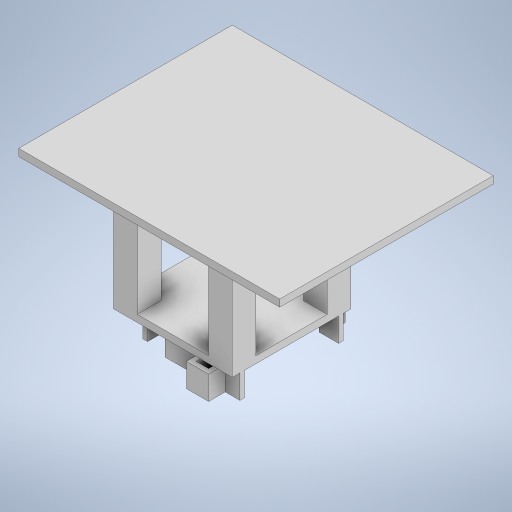
# Autodesk Inventor part: pitchrollmount44
Saved by Autodesk Inventor 2024 (Build 280153020, 153B)
## iProperties
Created: 2024-03-15
Part Number: pitchrollmount44
Material: Generic
Document SubType Name: Modeling
Designer: josep
Density: 1 g/cm^3
Appearance: Default
Author: josep
Autodesk Inventor part; units mm, degrees
ref_plane "YZ Plane" through (0, 0, 0) normal (1, 0, 0) x (0, 1, 0)
ref_plane "XZ Plane" through (0, 0, 0) normal (0, 1, 0) x (-1, 0, 0)
ref_plane "XY Plane" through (0, 0, 0) normal (0, 0, 1) x (1, 0, 0)
sketch "Sketch1" plane through (0, 0, 0) normal (0, 1, 0) x (-1, 0, 0)
  line L0 (25, 25) -> (15, 25)
  line L1 (15, 25) -> (15, 15)
  line L2 (15, 15) -> (25, 15)
  line L3 (25, 15) -> (25, 25)
  line L4 (25, 25) -> (-25, 25)
  line L5 (-25, 25) -> (-25, -25)
  line L6 (-25, -25) -> (25, -25)
  line L7 (25, -25) -> (25, 25)
  line L8 (25, 0) -> (-25, 0)
  line L9 (0, 25) -> (0, -25)
  line L10 (-25, 25) -> (-25, 15)
  line L11 (-15, 25) -> (-25, 25)
  line L12 (-15, 15) -> (-15, 25)
  line L13 (-25, 15) -> (-15, 15)
  line L14 (15, -15) -> (15, -25)
  line L15 (25, -15) -> (15, -15)
  line L16 (25, -25) -> (25, -15)
  line L17 (15, -25) -> (25, -25)
  line L18 (-25, -15) -> (-25, -25)
  line L19 (-15, -15) -> (-25, -15)
  line L20 (-15, -25) -> (-15, -15)
  line L21 (-25, -25) -> (-15, -25)
  line L22 (45, 45) -> (-45, 45)
  line L23 (-45, 45) -> (-45, -45)
  line L24 (-45, -45) -> (45, -45)
  line L25 (45, -45) -> (45, 45)
  point P0 (0, 0)
  point P1 (20, 25)
  point P2 (-20, 25)
  point P3 (20, -15)
  point P4 (-20, -15)
  point P5 (0, 45)
  dimension "d0" = 10
  dimension "d1" = 10
  dimension "d2" = 0
  dimension "d3" = 0
  dimension "d4" = 0
  dimension "d5" = 0
  dimension "d8" = 40
  dimension "d11" = 40
  dimension "d14" = 50
  dimension "d15" = 50
  dimension "d42" = 20
  dimension "d43" = 20
  dimension "d44" = 20
  dimension "d45" = 20
  constraints: 52 end point, 6 midpoint, 6 parallel, 4 horizontal, 4 perpendicular, 1 vertical, 27 other
  measures "d0" distance of L2.end L0.start
  measures "d1" distance between parallel lines of L3 L1
  measures "d2" vertical distance of L8.start point (0, 0)
  measures "d3" horizontal distance of L9.end point (0, 0)
  measures "d4" distance between parallel lines of L7 L3
  measures "d5" distance from line of L4 point (20, 25)
  measures "d8" distance of L0.end L10.start
  measures "d11" distance of L0.end L14.start
  measures "d14" distance of L6.end L4.start
  measures "d15" distance of L5.end L6.end
  measures "d42" distance between parallel lines of L25 L7
  measures "d43" distance from line of point (0, 45) L4
  measures "d44" distance between parallel lines of L24 L6
  measures "d45" distance between parallel lines of L23 L5
extrude "Extrusion1" add sketch "Sketch1" along normal blind 3 contours L1 L2 L7 L8 L9 L4 | L9 L8 L5 L13 L12 L4 | L7 L15 L14 L6 L9 L8 | L9 L6 L20 L19 L5 L8
extrude "Extrusion2" add sketch "Sketch1" along normal blind 55.594 contours L3 L2 L1 L0 | L12 L13 L5 L4 | L7 L6 L14 L15 | L19 L20 L6 L5
sketch "Sketch2" plane through (0, 0, 0) normal (0, -1, 0) x (1, 0, 0)
  line L0 (25, 15) -> (25, -15) projected
  line L1 (25, -19.8) -> (-15.893, -19.8)
  line L2 (-15.893, -19.8) -> (-15.893, 19.8)
  line L3 (-15.893, 19.8) -> (25, 19.8)
  line L4 (25, 19.8) -> (25, -19.8)
  line L5 (16.82, -19.8) -> (11.514, -19.8)
  line L6 (11.514, -19.8) -> (11.514, -26.8)
  line L7 (11.514, -26.8) -> (16.82, -26.8)
  line L8 (16.82, -26.8) -> (16.82, -19.8)
  line L9 (-15.893, 0) -> (25, 0)
  line L10 (11.514, 19.8) -> (11.514, 26.8)
  line L11 (11.514, 26.8) -> (16.82, 26.8)
  line L12 (16.82, 26.8) -> (16.82, 19.8)
  line L13 (-9.486, 19.8) -> (-5.486, 19.8)
  line L14 (9.514, 21.8) -> (-6.486, 21.8)
  line L15 (9.514, 21.8) -> (9.514, 28.8)
  line L16 (9.514, 28.8) -> (18.82, 28.8)
  line L17 (18.82, 28.8) -> (18.82, 21.8)
  line L18 (18.82, 21.8) -> (25, 21.8)
  line L19 (25, -15) -> (25, -25) projected
  line L20 (25, -21.8) -> (18.82, -21.8)
  line L21 (18.82, -21.8) -> (18.82, -28.8)
  line L22 (18.82, -28.8) -> (9.514, -28.8)
  line L23 (9.514, -28.8) -> (9.514, -21.8)
  line L24 (9.514, -21.8) -> (1.695, -21.8)
  line L25 (1.695, -21.8) -> (-17.893, -21.8)
  line L26 (-17.893, -21.8) -> (-17.893, 21.8)
  line L27 (25, 19.8) -> (25, 21.8)
  line L28 (25, -15) -> (25, -19.8)
  line L29 (25, -21.8) -> (25, -15)
  line L30 (-15.893, 19.8) -> (-17.893, 19.8)
  line L31 (-6.486, 21.8) -> (-6.486, 19.8)
  point P0 (0, 0)
  point P1 (16.82, -23.3)
  point P2 (4.5535, -19.8)
  point P3 (18.82, -25.3)
  point P4 (14.167, 28.8)
  point P5 (14.167, 26.8)
  point P6 (11.514, 23.3)
  point P7 (16.82, 19.8)
  point P8 (25, 14.5)
  point P9 (11.514, 19.8)
  point P10 (11.514, -19.8)
  point P11 (14.167, -28.8)
  dimension "d20" = 39.6
  dimension "d22" = 40.893
  dimension "d23" = 8.18
  dimension "d25" = 5.306
  dimension "d26" = 7
  dimension "d30" = 2
  dimension "d31" = 2
  dimension "d32" = 2
  dimension "d33" = 2
  dimension "d36" = 2
  dimension "d37" = 2
  dimension "d38" = 2
  dimension "d53" = 0
  dimension "d54" = 16
  dimension "d55" = 2
  dimension "d56" = 2
  constraints: 60 end point, 12 point on line, 9 midpoint, 9 perpendicular, 5 horizontal, 4 parallel, 4 symmetric about line, 2 collinear, 2 vertical
  measures "d20" distance of L1.end L2.end
  measures "d22" distance of L2.end L3.end
  measures "d23" distance from line of point (16.82, -23.3) L0
  measures "d25" distance of L6.end L7.end
  measures "d26" distance of L6.end L5.end
  measures "d30" distance between parallel lines of L1 L20
  measures "d31" distance from line of point (18.82, -25.3) L8
  measures "d32" distance between parallel lines of L6 L23
  measures "d33" distance between parallel lines of L2 L26
  measures "d36" distance between parallel lines of L14 L3
  measures "d37" distance of point (14.167, 28.8) point (14.167, 26.8)
  measures "d38" distance from line of L15 point (11.514, 23.3)
  measures "d53" vertical distance of point (0, 0) L9.end
  measures "d54" distance from line of L14.end L15
  measures "d55" distance from line of point (14.167, -28.8) L7
  measures "d56" distance between parallel lines of L12 L17
extrude "Extrusion3" add sketch "Sketch2" along normal blind 10 contours L3 L12 L11 L10 L31 L14 L15 L16 L17 L18 L27 | L2 L1 L6 L7 L8 L19 L20 L21 L22 L23 L24 L25 L26 L30
sketch "Sketch3" plane through (0, 55.594, 0) normal (0, 1, 0) x (1, 0, 0)
  line L0 (-45, -45) -> (65, -45)
  line L1 (65, -45) -> (65, 45)
  line L2 (65, 45) -> (-45, 45)
  line L3 (-45, 45) -> (-45, -45)
  line L4 (-25, -25) -> (-15, -25) projected
  line L5 (25, -25) -> (25, -15) projected
  line L6 (15, 25) -> (-15, 25) projected
  line L7 (-25, 15) -> (-25, -15) projected
  point P0 (0, 0)
  dimension "d46" = 20
  dimension "d47" = 40
  dimension "d48" = 20
  dimension "d49" = 20
  constraints: 8 end point, 2 parallel, 1 horizontal, 1 perpendicular
  measures "d46" distance between parallel lines of L4 L0
  measures "d47" distance between parallel lines of L5 L1
  measures "d48" distance between parallel lines of L2 L6
  measures "d49" distance between parallel lines of L7 L3
extrude "Extrusion4" add sketch "Sketch3" along normal blind 3
body "Solid1"

**DIRECTIONS FOR THIS TASK**
Every line above that contains the word "along" should be reported.

**THE COMPLETED TASK**
extrude "Extrusion1" add sketch "Sketch1" along normal blind 3 contours L1 L2 L7 L8 L9 L4 | L9 L8 L5 L13 L12 L4 | L7 L15 L14 L6 L9 L8 | L9 L6 L20 L19 L5 L8
extrude "Extrusion2" add sketch "Sketch1" along normal blind 55.594 contours L3 L2 L1 L0 | L12 L13 L5 L4 | L7 L6 L14 L15 | L19 L20 L6 L5
extrude "Extrusion3" add sketch "Sketch2" along normal blind 10 contours L3 L12 L11 L10 L31 L14 L15 L16 L17 L18 L27 | L2 L1 L6 L7 L8 L19 L20 L21 L22 L23 L24 L25 L26 L30
extrude "Extrusion4" add sketch "Sketch3" along normal blind 3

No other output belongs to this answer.